Extra code. Nested self-executable code, so sophisticated it looks like an auto’s operating system. It isn’t, but it is fully integrated into Larissa’s auto, like an extension jutting out from a building.
It’s a program, a super-app. One Nick doesn’t recognise. He looks for authentication certificates, finds none. He looks for company signatures, finds none. He looks for any of the ways a legal, authorised program might identify itself, finds none.

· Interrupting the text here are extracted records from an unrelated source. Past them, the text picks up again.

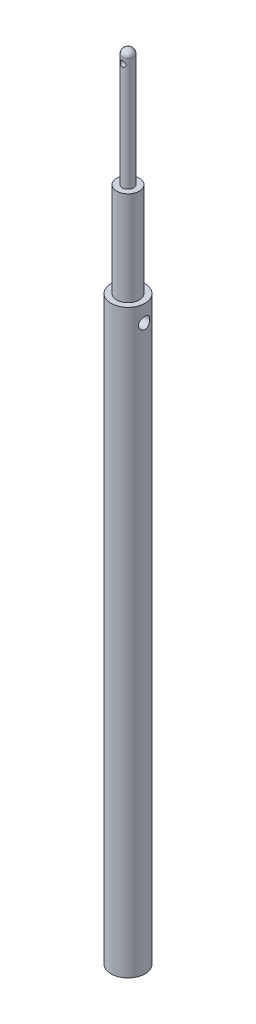
ISO-10303-21;
HEADER;
FILE_DESCRIPTION(('STEP AP214'),'2;1');
FILE_NAME('part.step','',(''),(''),'','','');
FILE_SCHEMA(('AUTOMOTIVE_DESIGN { 1 0 10303 214 1 1 1 1 }'));
ENDSEC;
DATA;
#1=APPLICATION_CONTEXT('core data for automotive mechanical design processes');
#2=APPLICATION_PROTOCOL_DEFINITION('international standard','automotive_design',2000,#1);
#3=PRODUCT_CONTEXT('',#1,'mechanical');
#4=PRODUCT('Part','Part','',(#3));
#5=PRODUCT_RELATED_PRODUCT_CATEGORY('part','',(#4));
#6=PRODUCT_DEFINITION_FORMATION('','',#4);
#7=PRODUCT_DEFINITION_CONTEXT('part definition',#1,'design');
#8=PRODUCT_DEFINITION('design','',#6,#7);
#9=PRODUCT_DEFINITION_SHAPE('','',#8);
#10=(LENGTH_UNIT() NAMED_UNIT(*) SI_UNIT(.MILLI.,.METRE.));
#11=(NAMED_UNIT(*) PLANE_ANGLE_UNIT() SI_UNIT($,.RADIAN.));
#12=(NAMED_UNIT(*) SI_UNIT($,.STERADIAN.) SOLID_ANGLE_UNIT());
#13=UNCERTAINTY_MEASURE_WITH_UNIT(LENGTH_MEASURE(1.E-05),#10,'distance_accuracy_value','');
#14=(GEOMETRIC_REPRESENTATION_CONTEXT(3) GLOBAL_UNCERTAINTY_ASSIGNED_CONTEXT((#13)) GLOBAL_UNIT_ASSIGNED_CONTEXT((#10,
#11,#12)) REPRESENTATION_CONTEXT('',''));
#15=CARTESIAN_POINT('',(0.,0.,0.));
#16=DIRECTION('',(0.,0.,1.));
#17=DIRECTION('',(1.,0.,0.));
#18=AXIS2_PLACEMENT_3D('',#15,#16,#17);
#19=CARTESIAN_POINT('',(0.,418.,0.));
#20=DIRECTION('',(0.,-1.,0.));
#21=DIRECTION('',(-1.,0.,0.));
#22=AXIS2_PLACEMENT_3D('',#19,#20,#21);
#23=SPHERICAL_SURFACE('',#22,3.);
#24=CARTESIAN_POINT('',(0.,421.,0.));
#25=VERTEX_POINT('',#24);
#26=VERTEX_LOOP('',#25);
#27=FACE_BOUND('',#26,.T.);
#28=CARTESIAN_POINT('',(0.,418.,0.));
#29=DIRECTION('',(0.,-1.,0.));
#30=DIRECTION('',(0.,0.,-1.));
#31=AXIS2_PLACEMENT_3D('',#28,#29,#30);
#32=CIRCLE('',#31,3.);
#33=CARTESIAN_POINT('',(0.,418.,-3.));
#34=VERTEX_POINT('',#33);
#35=EDGE_CURVE('E37',#34,#34,#32,.T.);
#36=ORIENTED_EDGE('',*,*,#35,.F.);
#37=EDGE_LOOP('',(#36));
#38=FACE_BOUND('',#37,.T.);
#39=ADVANCED_FACE('F17',(#27,#38),#23,.T.);
#40=CARTESIAN_POINT('',(0.,415.,30.));
#41=DIRECTION('',(0.,0.,-1.));
#42=DIRECTION('',(-1.,0.,0.));
#43=AXIS2_PLACEMENT_3D('',#40,#41,#42);
#44=CYLINDRICAL_SURFACE('',#43,1.5);
#45=CARTESIAN_POINT('',(0.,416.5,3.));
#46=CARTESIAN_POINT('',(0.0789523741883106,416.499997914213,2.9999981238286));
#47=CARTESIAN_POINT('',(0.157924422035615,416.493737423984,2.99685384899897));
#48=CARTESIAN_POINT('',(0.313468681382338,416.468995866764,2.98459986704362));
#49=CARTESIAN_POINT('',(0.390039424776912,416.450507470791,2.97548658233272));
#50=CARTESIAN_POINT('',(0.538393460729509,416.402212709136,2.95224590208733));
#51=CARTESIAN_POINT('',(0.610191918802864,416.372444430996,2.93813539050944));
#52=CARTESIAN_POINT('',(0.747690654482896,416.302654617508,2.90619133889545));
#53=CARTESIAN_POINT('',(0.813389793992892,416.262631173826,2.88835710604406));
#54=CARTESIAN_POINT('',(0.941259980854336,416.170725678538,2.84934448667486));
#55=CARTESIAN_POINT('',(1.00297910670001,416.11827390396,2.8280292644071));
#56=CARTESIAN_POINT('',(1.11716598235844,416.00422104557,2.78490088151737));
#57=CARTESIAN_POINT('',(1.16962611906243,415.942612508662,2.76308732763712));
#58=CARTESIAN_POINT('',(1.2678966211791,415.806250706469,2.71947586721745));
#59=CARTESIAN_POINT('',(1.31287039536179,415.730847279031,2.69781160488922));
#60=CARTESIAN_POINT('',(1.38927657431044,415.57238018469,2.65927731616469));
#61=CARTESIAN_POINT('',(1.42072856328026,415.48932780939,2.64240036823136));
#62=CARTESIAN_POINT('',(1.46288309546822,415.338461546562,2.61923702018133));
#63=CARTESIAN_POINT('',(1.47675163527823,415.271764532079,2.61138198601866));
#64=CARTESIAN_POINT('',(1.49530884891063,415.136716168768,2.60080147997309));
#65=CARTESIAN_POINT('',(1.50000210008705,415.068365662072,2.59807345036424));
#66=CARTESIAN_POINT('',(1.49999759610631,414.921744299183,2.59807937175766));
#67=CARTESIAN_POINT('',(1.49384308337466,414.843468740957,2.60166056499265));
#68=CARTESIAN_POINT('',(1.46956160576775,414.6893774637,2.61544904004607));
#69=CARTESIAN_POINT('',(1.4514242506472,414.61356393939,2.62566207215737));
#70=CARTESIAN_POINT('',(1.40415297324932,414.46682809588,2.65123842070865));
#71=CARTESIAN_POINT('',(1.37507197720972,414.395884148246,2.66657690975751));
#72=CARTESIAN_POINT('',(1.30691055280204,414.2598801163,2.70063556141322));
#73=CARTESIAN_POINT('',(1.26782719972848,414.194821760488,2.71935671264451));
#74=CARTESIAN_POINT('',(1.17700144915982,414.06654330466,2.75995233668311));
#75=CARTESIAN_POINT('',(1.1244818489178,414.003915326102,2.78195952506143));
#76=CARTESIAN_POINT('',(1.00988434252845,413.887890905829,2.82557834533606));
#77=CARTESIAN_POINT('',(0.947801083445087,413.83449966982,2.84718974807806));
#78=CARTESIAN_POINT('',(0.810712291773563,413.734932285602,2.88932940913989));
#79=CARTESIAN_POINT('',(0.735116337207858,413.6894897212,2.90968517210142));
#80=CARTESIAN_POINT('',(0.576173561147554,413.612266616582,2.94527160687147));
#81=CARTESIAN_POINT('',(0.492836933865574,413.580468409015,2.96050890072461));
#82=CARTESIAN_POINT('',(0.341164866635276,413.53771357908,2.98127923258904));
#83=CARTESIAN_POINT('',(0.273898570249011,413.523617159207,2.98825046347326));
#84=CARTESIAN_POINT('',(0.137759532534579,413.504760790713,2.99761101248802));
#85=CARTESIAN_POINT('',(0.0688872548996964,413.499998180116,3.00000163699064));
#86=CARTESIAN_POINT('',(-0.0789523741883066,413.500002085788,2.9999981238286));
#87=CARTESIAN_POINT('',(-0.15792442203561,413.506262576016,2.99685384899897));
#88=CARTESIAN_POINT('',(-0.313468681382333,413.531004133236,2.98459986704362));
#89=CARTESIAN_POINT('',(-0.390039424776908,413.549492529209,2.97548658233272));
#90=CARTESIAN_POINT('',(-0.538393460729497,413.597787290864,2.95224590208734));
#91=CARTESIAN_POINT('',(-0.610191918802843,413.627555569005,2.93813539050945));
#92=CARTESIAN_POINT('',(-0.747690654482877,413.697345382492,2.90619133889545));
#93=CARTESIAN_POINT('',(-0.813389793992883,413.737368826174,2.88835710604407));
#94=CARTESIAN_POINT('',(-0.941259980854335,413.829274321462,2.84934448667486));
#95=CARTESIAN_POINT('',(-1.00297910670001,413.88172609604,2.8280292644071));
#96=CARTESIAN_POINT('',(-1.11716598235844,413.99577895443,2.78490088151737));
#97=CARTESIAN_POINT('',(-1.16962611906243,414.057387491338,2.76308732763712));
#98=CARTESIAN_POINT('',(-1.2678966211791,414.193749293531,2.71947586721745));
#99=CARTESIAN_POINT('',(-1.31287039536179,414.269152720969,2.69781160488922));
#100=CARTESIAN_POINT('',(-1.38927657431045,414.42761981531,2.65927731616469));
#101=CARTESIAN_POINT('',(-1.42072856328026,414.510672190611,2.64240036823136));
#102=CARTESIAN_POINT('',(-1.46288309546822,414.661538453439,2.61923702018132));
#103=CARTESIAN_POINT('',(-1.47675163527823,414.728235467922,2.61138198601866));
#104=CARTESIAN_POINT('',(-1.49530884891063,414.863283831232,2.60080147997309));
#105=CARTESIAN_POINT('',(-1.50000210008706,414.931634337929,2.59807345036423));
#106=CARTESIAN_POINT('',(-1.4999975961063,415.078255700817,2.59807937175766));
#107=CARTESIAN_POINT('',(-1.49384308337464,415.156531259043,2.60166056499266));
#108=CARTESIAN_POINT('',(-1.46956160576772,415.310622536301,2.61544904004609));
#109=CARTESIAN_POINT('',(-1.45142425064716,415.38643606061,2.62566207215739));
#110=CARTESIAN_POINT('',(-1.40415297324927,415.53317190412,2.65123842070868));
#111=CARTESIAN_POINT('',(-1.37507197720967,415.604115851754,2.66657690975753));
#112=CARTESIAN_POINT('',(-1.30691055280198,415.740119883701,2.70063556141325));
#113=CARTESIAN_POINT('',(-1.26782719972841,415.805178239513,2.71935671264454));
#114=CARTESIAN_POINT('',(-1.17700144915974,415.933456695341,2.75995233668315));
#115=CARTESIAN_POINT('',(-1.12448184891771,415.996084673898,2.78195952506147));
#116=CARTESIAN_POINT('',(-1.00988434252833,416.112109094172,2.8255783453361));
#117=CARTESIAN_POINT('',(-0.947801083444956,416.16550033018,2.84718974807811));
#118=CARTESIAN_POINT('',(-0.810712291773417,416.265067714398,2.88932940913993));
#119=CARTESIAN_POINT('',(-0.735116337207713,416.3105102788,2.90968517210146));
#120=CARTESIAN_POINT('',(-0.576173561147404,416.387733383419,2.9452716068715));
#121=CARTESIAN_POINT('',(-0.492836933865418,416.419531590985,2.96050890072464));
#122=CARTESIAN_POINT('',(-0.341164866635138,416.462286420921,2.98127923258905));
#123=CARTESIAN_POINT('',(-0.273898570248898,416.476382840794,2.98825046347327));
#124=CARTESIAN_POINT('',(-0.13775953253452,416.495239209287,2.99761101248802));
#125=CARTESIAN_POINT('',(-0.0688872548996649,416.500001819884,3.00000163699064));
#126=CARTESIAN_POINT('',(0.,416.5,3.));
#127=B_SPLINE_CURVE_WITH_KNOTS('',3,(#45,#46,#47,#48,#49,#50,#51,#52,#53,#54,#55,#56,#57,#58,
#59,#60,#61,#62,#63,#64,#65,#66,#67,#68,#69,#70,#71,#72,#73,#74,#75,#76,#77,#78,#79,#80,#81,#82,
#83,#84,#85,#86,#87,#88,#89,#90,#91,#92,#93,#94,#95,#96,#97,#98,#99,#100,#101,#102,#103,#104,
#105,#106,#107,#108,#109,#110,#111,#112,#113,#114,#115,#116,#117,#118,#119,#120,#121,#122,#123,
#124,#125,#126),.UNSPECIFIED.,.T.,.F.,(4,2,2,2,2,2,2,2,2,2,2,2,2,2,2,2,2,2,2,2,2,2,2,2,2,2,2,2,
2,2,2,2,2,2,2,2,2,2,2,2,4),(0.,0.23659013586564,0.473322204293129,0.709261947423783,
0.945245627395742,1.19546508957278,1.44588934324943,1.7158254376272,1.98536924354221,
2.19032891955666,2.39518631948091,2.6296791761702,2.86437562742736,3.09795131726489,
3.33159538320307,3.58447159376566,3.83748986102485,4.10764473097401,4.37744872835912,
4.58393644104479,4.79036525542416,5.0269553912898,5.26368745971729,5.49962720284793,
5.73561088281991,5.98583034499694,6.23625459867359,6.50619069305137,6.77573449896638,
6.98069417498088,7.18555157490518,7.42004443159454,7.65474088285164,7.88831657268918,
8.12196063862737,8.37483684918999,8.62785511644916,8.89800998639833,9.16781398378345,
9.37430169646904,9.58073051084833),.UNSPECIFIED.);
#128=CARTESIAN_POINT('',(0.,416.5,3.));
#129=VERTEX_POINT('',#128);
#130=EDGE_CURVE('E21',#129,#129,#127,.T.);
#131=ORIENTED_EDGE('',*,*,#130,.F.);
#132=EDGE_LOOP('',(#131));
#133=FACE_BOUND('',#132,.T.);
#134=CARTESIAN_POINT('',(0.,413.5,-3.));
#135=CARTESIAN_POINT('',(0.0789523741883105,413.500002085788,-2.9999981238286));
#136=CARTESIAN_POINT('',(0.157924422035614,413.506262576016,-2.99685384899897));
#137=CARTESIAN_POINT('',(0.313468681382337,413.531004133236,-2.98459986704362));
#138=CARTESIAN_POINT('',(0.390039424776912,413.549492529209,-2.97548658233272));
#139=CARTESIAN_POINT('',(0.538393460729509,413.597787290864,-2.95224590208733));
#140=CARTESIAN_POINT('',(0.610191918802863,413.627555569005,-2.93813539050944));
#141=CARTESIAN_POINT('',(0.747690654482895,413.697345382492,-2.90619133889545));
#142=CARTESIAN_POINT('',(0.813389793992892,413.737368826174,-2.88835710604406));
#143=CARTESIAN_POINT('',(0.941259980854336,413.829274321462,-2.84934448667486));
#144=CARTESIAN_POINT('',(1.00297910670001,413.88172609604,-2.8280292644071));
#145=CARTESIAN_POINT('',(1.11716598235844,413.99577895443,-2.78490088151737));
#146=CARTESIAN_POINT('',(1.16962611906243,414.057387491338,-2.76308732763712));
#147=CARTESIAN_POINT('',(1.2678966211791,414.193749293531,-2.71947586721745));
#148=CARTESIAN_POINT('',(1.31287039536179,414.269152720969,-2.69781160488922));
#149=CARTESIAN_POINT('',(1.38927657431044,414.42761981531,-2.65927731616469));
#150=CARTESIAN_POINT('',(1.42072856328026,414.510672190611,-2.64240036823136));
#151=CARTESIAN_POINT('',(1.46288309546827,414.661538453439,-2.6192370201813));
#152=CARTESIAN_POINT('',(1.4767516352783,414.728235467922,-2.61138198601862));
#153=CARTESIAN_POINT('',(1.4953088489107,414.863283831233,-2.60080147997305));
#154=CARTESIAN_POINT('',(1.5000021000871,414.93163433793,-2.59807345036421));
#155=CARTESIAN_POINT('',(1.49999759610625,415.078255700818,-2.59807937175769));
#156=CARTESIAN_POINT('',(1.49384308337454,415.156531259044,-2.60166056499272));
#157=CARTESIAN_POINT('',(1.46956160576752,415.310622536302,-2.6154490400462));
#158=CARTESIAN_POINT('',(1.4514242506469,415.386436060611,-2.62566207215753));
#159=CARTESIAN_POINT('',(1.40415297324892,415.533171904121,-2.65123842070886));
#160=CARTESIAN_POINT('',(1.37507197720927,415.604115851755,-2.66657690975774));
#161=CARTESIAN_POINT('',(1.30691055280148,415.740119883701,-2.7006355614135));
#162=CARTESIAN_POINT('',(1.26782719972784,415.805178239514,-2.71935671264481));
#163=CARTESIAN_POINT('',(1.17700144915905,415.933456695342,-2.75995233668344));
#164=CARTESIAN_POINT('',(1.12448184891698,415.996084673899,-2.78195952506177));
#165=CARTESIAN_POINT('',(1.0098843425275,416.112109094173,-2.8255783453364));
#166=CARTESIAN_POINT('',(0.947801083444077,416.165500330181,-2.8471897480784));
#167=CARTESIAN_POINT('',(0.810712291772438,416.265067714398,-2.8893294091402));
#168=CARTESIAN_POINT('',(0.735116337206682,416.310510278801,-2.90968517210172));
#169=CARTESIAN_POINT('',(0.576173561146288,416.387733383419,-2.94527160687172));
#170=CARTESIAN_POINT('',(0.49283693386427,416.419531590986,-2.96050890072483));
#171=CARTESIAN_POINT('',(0.341164866634147,416.462286420921,-2.98127923258916));
#172=CARTESIAN_POINT('',(0.2738985702481,416.476382840794,-2.98825046347334));
#173=CARTESIAN_POINT('',(0.137759532534115,416.495239209287,-2.99761101248804));
#174=CARTESIAN_POINT('',(0.0688872548994613,416.500001819884,-3.00000163699064));
#175=CARTESIAN_POINT('',(-0.0789523741883184,416.499997914213,-2.9999981238286));
#176=CARTESIAN_POINT('',(-0.157924422035628,416.493737423984,-2.99685384899897));
#177=CARTESIAN_POINT('',(-0.313468681382351,416.468995866764,-2.98459986704362));
#178=CARTESIAN_POINT('',(-0.39003942477692,416.450507470791,-2.97548658233272));
#179=CARTESIAN_POINT('',(-0.538393460729512,416.402212709136,-2.95224590208733));
#180=CARTESIAN_POINT('',(-0.610191918802866,416.372444430996,-2.93813539050944));
#181=CARTESIAN_POINT('',(-0.747690654482898,416.302654617508,-2.90619133889545));
#182=CARTESIAN_POINT('',(-0.813389793992895,416.262631173826,-2.88835710604406));
#183=CARTESIAN_POINT('',(-0.941259980854337,416.170725678538,-2.84934448667486));
#184=CARTESIAN_POINT('',(-1.00297910670001,416.11827390396,-2.8280292644071));
#185=CARTESIAN_POINT('',(-1.11716598235844,416.00422104557,-2.78490088151737));
#186=CARTESIAN_POINT('',(-1.16962611906243,415.942612508662,-2.76308732763711));
#187=CARTESIAN_POINT('',(-1.26789662117911,415.806250706469,-2.71947586721744));
#188=CARTESIAN_POINT('',(-1.31287039536181,415.730847279031,-2.69781160488921));
#189=CARTESIAN_POINT('',(-1.38927657431046,415.57238018469,-2.65927731616468));
#190=CARTESIAN_POINT('',(-1.42072856328028,415.48932780939,-2.64240036823135));
#191=CARTESIAN_POINT('',(-1.46288309546823,415.338461546561,-2.61923702018132));
#192=CARTESIAN_POINT('',(-1.47675163527824,415.271764532079,-2.61138198601865));
#193=CARTESIAN_POINT('',(-1.49530884891062,415.136716168768,-2.60080147997309));
#194=CARTESIAN_POINT('',(-1.50000210008705,415.068365662072,-2.59807345036424));
#195=CARTESIAN_POINT('',(-1.49999759610631,414.921744299183,-2.59807937175766));
#196=CARTESIAN_POINT('',(-1.49384308337466,414.843468740957,-2.60166056499265));
#197=CARTESIAN_POINT('',(-1.46956160576774,414.6893774637,-2.61544904004607));
#198=CARTESIAN_POINT('',(-1.45142425064719,414.61356393939,-2.62566207215737));
#199=CARTESIAN_POINT('',(-1.40415297324932,414.46682809588,-2.65123842070865));
#200=CARTESIAN_POINT('',(-1.37507197720972,414.395884148246,-2.66657690975751));
#201=CARTESIAN_POINT('',(-1.30691055280204,414.2598801163,-2.70063556141322));
#202=CARTESIAN_POINT('',(-1.26782719972848,414.194821760488,-2.71935671264451));
#203=CARTESIAN_POINT('',(-1.17700144915982,414.06654330466,-2.75995233668311));
#204=CARTESIAN_POINT('',(-1.1244818489178,414.003915326102,-2.78195952506143));
#205=CARTESIAN_POINT('',(-1.00988434252845,413.887890905829,-2.82557834533606));
#206=CARTESIAN_POINT('',(-0.947801083445088,413.83449966982,-2.84718974807806));
#207=CARTESIAN_POINT('',(-0.810712291773557,413.734932285602,-2.88932940913989));
#208=CARTESIAN_POINT('',(-0.735116337207843,413.6894897212,-2.90968517210142));
#209=CARTESIAN_POINT('',(-0.576173561147538,413.612266616582,-2.94527160687148));
#210=CARTESIAN_POINT('',(-0.492836933865567,413.580468409015,-2.96050890072461));
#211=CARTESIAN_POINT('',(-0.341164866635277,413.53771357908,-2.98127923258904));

Within moments he realises that this is blackware, works out what it’s designed to do, and guesses what its name is.
K8.
“Oh my God,” Nick groans, feeling so sick he clamps a hand across his mouth.
It can’t be there. (But it is.)
It’s impossible. (But there’s nothing else it could be.)
She cannot afford this. (But she had a windfall not long ago.)
This can’t be bought in the UK. (But it probably can in Trinidad, which is outside IIR jurisdiction.)
Larissa wouldn’t do something technical like this, she wouldn’t know how, she just wouldn’t! (But Larissa has a K8 program installed into her auto, it’s right there on the server, it’s a fact.)